*Task to carry out*:
Give back an exact copy of the lines in the records below, from the line that has "Log global positions : Subsystem" through the line that has "To Workspace2 : ToWorkspace", and nothing besides.

[Entries taken from a collection]

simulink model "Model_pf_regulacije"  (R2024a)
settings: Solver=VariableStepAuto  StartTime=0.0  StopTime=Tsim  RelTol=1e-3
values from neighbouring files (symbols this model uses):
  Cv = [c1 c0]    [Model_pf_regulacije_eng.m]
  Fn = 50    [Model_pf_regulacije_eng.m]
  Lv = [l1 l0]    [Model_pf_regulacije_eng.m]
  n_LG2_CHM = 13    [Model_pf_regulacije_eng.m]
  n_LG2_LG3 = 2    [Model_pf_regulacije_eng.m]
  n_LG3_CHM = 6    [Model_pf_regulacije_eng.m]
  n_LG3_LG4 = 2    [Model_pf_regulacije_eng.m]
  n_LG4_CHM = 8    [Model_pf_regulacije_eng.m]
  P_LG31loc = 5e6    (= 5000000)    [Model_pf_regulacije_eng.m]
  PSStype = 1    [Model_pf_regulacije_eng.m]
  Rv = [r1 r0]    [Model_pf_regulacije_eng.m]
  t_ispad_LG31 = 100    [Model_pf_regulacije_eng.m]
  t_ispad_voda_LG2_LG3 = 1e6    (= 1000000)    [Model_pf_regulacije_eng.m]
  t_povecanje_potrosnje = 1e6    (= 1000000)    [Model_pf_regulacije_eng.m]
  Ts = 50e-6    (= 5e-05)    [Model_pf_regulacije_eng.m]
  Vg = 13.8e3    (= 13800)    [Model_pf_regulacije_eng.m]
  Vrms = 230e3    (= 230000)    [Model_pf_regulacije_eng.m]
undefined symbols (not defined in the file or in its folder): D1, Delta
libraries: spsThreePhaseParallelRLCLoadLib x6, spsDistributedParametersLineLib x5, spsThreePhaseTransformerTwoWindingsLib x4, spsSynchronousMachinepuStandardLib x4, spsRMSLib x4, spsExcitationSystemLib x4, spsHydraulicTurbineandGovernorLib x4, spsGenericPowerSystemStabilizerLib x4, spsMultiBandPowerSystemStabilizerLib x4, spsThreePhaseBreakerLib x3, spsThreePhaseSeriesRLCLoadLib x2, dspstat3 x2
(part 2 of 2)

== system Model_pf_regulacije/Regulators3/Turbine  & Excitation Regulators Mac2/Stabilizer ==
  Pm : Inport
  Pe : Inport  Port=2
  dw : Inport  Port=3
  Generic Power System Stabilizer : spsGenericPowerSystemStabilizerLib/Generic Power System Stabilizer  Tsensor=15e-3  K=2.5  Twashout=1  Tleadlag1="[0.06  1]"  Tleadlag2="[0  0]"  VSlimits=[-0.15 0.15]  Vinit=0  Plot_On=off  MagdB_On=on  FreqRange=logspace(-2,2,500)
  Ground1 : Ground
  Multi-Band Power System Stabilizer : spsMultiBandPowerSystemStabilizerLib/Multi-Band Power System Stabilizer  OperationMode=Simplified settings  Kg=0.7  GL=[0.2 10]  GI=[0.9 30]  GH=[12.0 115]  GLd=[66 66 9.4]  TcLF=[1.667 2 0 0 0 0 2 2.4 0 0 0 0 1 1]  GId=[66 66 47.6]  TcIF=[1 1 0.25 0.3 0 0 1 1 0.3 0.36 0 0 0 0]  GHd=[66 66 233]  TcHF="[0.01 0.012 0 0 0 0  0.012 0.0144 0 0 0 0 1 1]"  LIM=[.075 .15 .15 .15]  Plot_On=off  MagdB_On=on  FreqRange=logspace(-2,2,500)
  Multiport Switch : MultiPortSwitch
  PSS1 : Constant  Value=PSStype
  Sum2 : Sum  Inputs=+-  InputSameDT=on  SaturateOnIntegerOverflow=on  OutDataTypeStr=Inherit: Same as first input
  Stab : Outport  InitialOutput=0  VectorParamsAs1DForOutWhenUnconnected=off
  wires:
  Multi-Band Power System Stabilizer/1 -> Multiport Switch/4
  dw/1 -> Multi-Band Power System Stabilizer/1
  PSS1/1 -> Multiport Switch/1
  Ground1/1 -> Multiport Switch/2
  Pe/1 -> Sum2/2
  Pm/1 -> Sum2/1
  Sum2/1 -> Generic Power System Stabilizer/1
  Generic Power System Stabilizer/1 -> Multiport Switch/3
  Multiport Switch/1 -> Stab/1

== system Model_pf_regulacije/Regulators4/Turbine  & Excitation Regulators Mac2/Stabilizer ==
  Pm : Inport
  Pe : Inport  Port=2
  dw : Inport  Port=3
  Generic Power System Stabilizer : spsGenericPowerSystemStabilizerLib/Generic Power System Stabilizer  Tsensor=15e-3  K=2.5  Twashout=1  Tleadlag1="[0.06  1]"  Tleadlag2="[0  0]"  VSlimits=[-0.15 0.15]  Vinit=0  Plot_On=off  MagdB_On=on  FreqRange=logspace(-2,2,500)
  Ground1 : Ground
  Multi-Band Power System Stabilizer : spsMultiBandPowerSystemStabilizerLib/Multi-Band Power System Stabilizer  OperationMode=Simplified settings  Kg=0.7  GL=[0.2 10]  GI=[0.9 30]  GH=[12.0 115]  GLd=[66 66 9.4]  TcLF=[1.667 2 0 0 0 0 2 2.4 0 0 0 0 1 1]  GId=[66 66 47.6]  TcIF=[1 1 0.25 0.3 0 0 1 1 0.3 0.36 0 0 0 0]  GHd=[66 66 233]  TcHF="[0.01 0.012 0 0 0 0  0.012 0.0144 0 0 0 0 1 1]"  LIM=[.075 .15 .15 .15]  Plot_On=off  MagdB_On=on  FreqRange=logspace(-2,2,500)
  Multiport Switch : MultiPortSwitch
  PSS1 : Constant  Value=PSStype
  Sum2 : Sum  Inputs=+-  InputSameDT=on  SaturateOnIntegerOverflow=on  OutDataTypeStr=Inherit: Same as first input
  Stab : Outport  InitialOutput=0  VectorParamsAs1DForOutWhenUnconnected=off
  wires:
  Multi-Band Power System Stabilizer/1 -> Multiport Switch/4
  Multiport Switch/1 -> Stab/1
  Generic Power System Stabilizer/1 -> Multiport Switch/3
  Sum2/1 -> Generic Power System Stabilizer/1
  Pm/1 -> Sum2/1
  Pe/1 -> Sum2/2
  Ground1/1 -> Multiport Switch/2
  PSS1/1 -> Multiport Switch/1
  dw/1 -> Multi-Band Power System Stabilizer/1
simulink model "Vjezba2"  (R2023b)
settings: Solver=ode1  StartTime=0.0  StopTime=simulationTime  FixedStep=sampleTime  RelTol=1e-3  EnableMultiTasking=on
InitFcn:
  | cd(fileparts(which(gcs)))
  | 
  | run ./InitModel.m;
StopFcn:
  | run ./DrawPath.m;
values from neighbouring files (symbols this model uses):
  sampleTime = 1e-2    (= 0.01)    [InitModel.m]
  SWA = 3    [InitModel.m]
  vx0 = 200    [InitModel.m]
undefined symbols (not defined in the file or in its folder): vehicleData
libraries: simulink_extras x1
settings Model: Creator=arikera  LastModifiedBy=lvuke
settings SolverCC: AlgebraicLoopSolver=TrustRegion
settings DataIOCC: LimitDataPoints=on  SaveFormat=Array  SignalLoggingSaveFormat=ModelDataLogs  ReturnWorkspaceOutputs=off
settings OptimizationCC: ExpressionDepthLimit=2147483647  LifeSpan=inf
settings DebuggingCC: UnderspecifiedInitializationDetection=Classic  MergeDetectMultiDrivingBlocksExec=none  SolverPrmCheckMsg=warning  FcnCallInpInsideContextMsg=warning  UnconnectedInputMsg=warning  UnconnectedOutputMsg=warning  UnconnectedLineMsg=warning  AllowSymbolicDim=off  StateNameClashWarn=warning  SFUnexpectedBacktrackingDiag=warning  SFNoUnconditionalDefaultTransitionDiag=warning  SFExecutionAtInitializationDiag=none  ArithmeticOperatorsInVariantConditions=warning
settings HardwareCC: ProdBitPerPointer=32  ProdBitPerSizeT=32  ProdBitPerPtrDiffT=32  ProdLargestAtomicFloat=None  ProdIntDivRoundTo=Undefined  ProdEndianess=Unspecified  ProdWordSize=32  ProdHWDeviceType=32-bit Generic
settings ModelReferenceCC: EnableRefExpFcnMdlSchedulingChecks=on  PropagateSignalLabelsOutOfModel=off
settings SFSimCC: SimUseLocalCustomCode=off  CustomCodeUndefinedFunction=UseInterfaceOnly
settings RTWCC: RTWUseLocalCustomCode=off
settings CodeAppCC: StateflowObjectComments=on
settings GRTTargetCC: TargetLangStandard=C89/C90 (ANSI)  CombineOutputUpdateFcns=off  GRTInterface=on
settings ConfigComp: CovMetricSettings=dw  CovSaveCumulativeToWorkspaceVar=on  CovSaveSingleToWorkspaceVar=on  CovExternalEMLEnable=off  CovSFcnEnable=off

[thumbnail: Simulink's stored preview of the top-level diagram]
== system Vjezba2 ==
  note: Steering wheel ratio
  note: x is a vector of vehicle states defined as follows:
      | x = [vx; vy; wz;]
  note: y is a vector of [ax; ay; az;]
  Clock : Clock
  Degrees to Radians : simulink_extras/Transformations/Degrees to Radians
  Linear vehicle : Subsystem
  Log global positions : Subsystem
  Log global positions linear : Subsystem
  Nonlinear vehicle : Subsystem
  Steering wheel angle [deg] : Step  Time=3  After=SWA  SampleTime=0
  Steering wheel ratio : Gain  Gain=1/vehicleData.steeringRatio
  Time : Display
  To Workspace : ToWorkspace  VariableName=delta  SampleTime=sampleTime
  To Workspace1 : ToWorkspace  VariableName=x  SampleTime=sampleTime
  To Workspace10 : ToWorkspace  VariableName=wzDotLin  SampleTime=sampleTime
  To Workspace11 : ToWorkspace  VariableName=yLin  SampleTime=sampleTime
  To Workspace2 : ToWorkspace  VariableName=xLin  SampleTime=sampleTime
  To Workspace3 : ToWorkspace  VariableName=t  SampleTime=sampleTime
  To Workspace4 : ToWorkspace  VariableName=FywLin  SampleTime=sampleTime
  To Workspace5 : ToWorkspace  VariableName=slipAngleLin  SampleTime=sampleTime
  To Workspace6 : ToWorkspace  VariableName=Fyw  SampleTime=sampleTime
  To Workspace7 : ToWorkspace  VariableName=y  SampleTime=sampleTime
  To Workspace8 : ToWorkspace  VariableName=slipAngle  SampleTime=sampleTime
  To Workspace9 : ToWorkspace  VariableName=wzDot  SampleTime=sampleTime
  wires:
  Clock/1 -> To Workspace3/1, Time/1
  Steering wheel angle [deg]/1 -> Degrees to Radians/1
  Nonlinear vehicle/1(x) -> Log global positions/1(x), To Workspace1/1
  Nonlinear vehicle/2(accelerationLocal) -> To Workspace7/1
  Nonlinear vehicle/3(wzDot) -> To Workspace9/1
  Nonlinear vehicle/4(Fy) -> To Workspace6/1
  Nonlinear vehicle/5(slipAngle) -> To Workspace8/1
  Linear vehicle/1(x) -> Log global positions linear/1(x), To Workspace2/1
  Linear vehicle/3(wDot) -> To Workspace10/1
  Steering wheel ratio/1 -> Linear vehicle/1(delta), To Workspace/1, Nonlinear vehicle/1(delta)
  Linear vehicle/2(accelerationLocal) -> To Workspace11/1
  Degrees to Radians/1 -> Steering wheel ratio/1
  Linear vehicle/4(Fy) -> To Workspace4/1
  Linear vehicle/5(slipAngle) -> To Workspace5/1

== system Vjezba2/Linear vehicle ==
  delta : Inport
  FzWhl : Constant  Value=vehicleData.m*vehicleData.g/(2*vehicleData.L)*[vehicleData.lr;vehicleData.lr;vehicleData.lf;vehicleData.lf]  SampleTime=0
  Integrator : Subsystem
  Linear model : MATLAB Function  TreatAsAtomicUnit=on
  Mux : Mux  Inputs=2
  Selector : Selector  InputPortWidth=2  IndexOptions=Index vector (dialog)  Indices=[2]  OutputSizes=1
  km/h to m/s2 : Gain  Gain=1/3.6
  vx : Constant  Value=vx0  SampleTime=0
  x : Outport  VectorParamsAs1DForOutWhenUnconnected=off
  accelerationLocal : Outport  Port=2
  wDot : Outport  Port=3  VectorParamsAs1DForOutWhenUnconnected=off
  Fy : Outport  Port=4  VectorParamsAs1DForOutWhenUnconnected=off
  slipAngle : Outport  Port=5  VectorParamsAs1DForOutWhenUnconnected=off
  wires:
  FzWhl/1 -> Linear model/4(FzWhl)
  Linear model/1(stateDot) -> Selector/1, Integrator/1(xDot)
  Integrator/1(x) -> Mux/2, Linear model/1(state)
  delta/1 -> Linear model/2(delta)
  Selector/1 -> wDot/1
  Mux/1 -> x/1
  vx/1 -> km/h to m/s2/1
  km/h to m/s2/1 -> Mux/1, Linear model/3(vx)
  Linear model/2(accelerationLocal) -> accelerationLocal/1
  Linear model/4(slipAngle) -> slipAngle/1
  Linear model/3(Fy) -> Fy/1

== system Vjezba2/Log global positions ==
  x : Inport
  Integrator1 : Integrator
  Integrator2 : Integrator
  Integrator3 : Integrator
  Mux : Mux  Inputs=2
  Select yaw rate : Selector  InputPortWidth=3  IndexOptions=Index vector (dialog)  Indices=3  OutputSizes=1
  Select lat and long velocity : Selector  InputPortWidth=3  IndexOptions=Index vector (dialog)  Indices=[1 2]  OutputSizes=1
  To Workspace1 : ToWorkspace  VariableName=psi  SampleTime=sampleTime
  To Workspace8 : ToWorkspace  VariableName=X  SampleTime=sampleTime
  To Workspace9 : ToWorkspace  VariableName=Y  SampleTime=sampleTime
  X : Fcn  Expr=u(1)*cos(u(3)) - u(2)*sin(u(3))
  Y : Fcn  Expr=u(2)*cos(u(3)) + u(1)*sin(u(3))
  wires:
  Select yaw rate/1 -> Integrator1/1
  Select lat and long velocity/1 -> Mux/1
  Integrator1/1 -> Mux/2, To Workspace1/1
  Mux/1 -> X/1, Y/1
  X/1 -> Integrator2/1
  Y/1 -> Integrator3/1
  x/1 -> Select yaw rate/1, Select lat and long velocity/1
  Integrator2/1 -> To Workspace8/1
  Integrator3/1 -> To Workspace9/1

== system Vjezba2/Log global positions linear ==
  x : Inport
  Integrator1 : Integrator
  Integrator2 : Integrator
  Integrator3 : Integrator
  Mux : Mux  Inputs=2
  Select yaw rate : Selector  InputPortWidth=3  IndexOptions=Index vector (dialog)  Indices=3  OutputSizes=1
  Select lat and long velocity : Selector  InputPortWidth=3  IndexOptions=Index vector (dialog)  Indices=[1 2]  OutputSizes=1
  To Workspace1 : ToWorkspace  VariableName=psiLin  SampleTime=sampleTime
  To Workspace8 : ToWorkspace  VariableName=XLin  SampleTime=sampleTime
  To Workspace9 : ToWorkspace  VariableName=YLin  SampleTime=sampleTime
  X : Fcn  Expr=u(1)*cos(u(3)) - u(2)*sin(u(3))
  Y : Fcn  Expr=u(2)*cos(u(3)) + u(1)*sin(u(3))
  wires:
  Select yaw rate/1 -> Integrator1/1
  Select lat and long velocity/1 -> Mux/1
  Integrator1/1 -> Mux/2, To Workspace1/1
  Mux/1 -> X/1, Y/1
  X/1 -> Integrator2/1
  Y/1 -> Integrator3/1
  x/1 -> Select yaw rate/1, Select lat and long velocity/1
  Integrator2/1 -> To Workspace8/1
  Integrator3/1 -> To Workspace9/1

*Exercise response*:
  Log global positions : Subsystem
  Log global positions linear : Subsystem
  Nonlinear vehicle : Subsystem
  Steering wheel angle [deg] : Step  Time=3  After=SWA  SampleTime=0
  Steering wheel ratio : Gain  Gain=1/vehicleData.steeringRatio
  Time : Display
  To Workspace : ToWorkspace  VariableName=delta  SampleTime=sampleTime
  To Workspace1 : ToWorkspace  VariableName=x  SampleTime=sampleTime
  To Workspace10 : ToWorkspace  VariableName=wzDotLin  SampleTime=sampleTime
  To Workspace11 : ToWorkspace  VariableName=yLin  SampleTime=sampleTime
  To Workspace2 : ToWorkspace  VariableName=xLin  SampleTime=sampleTime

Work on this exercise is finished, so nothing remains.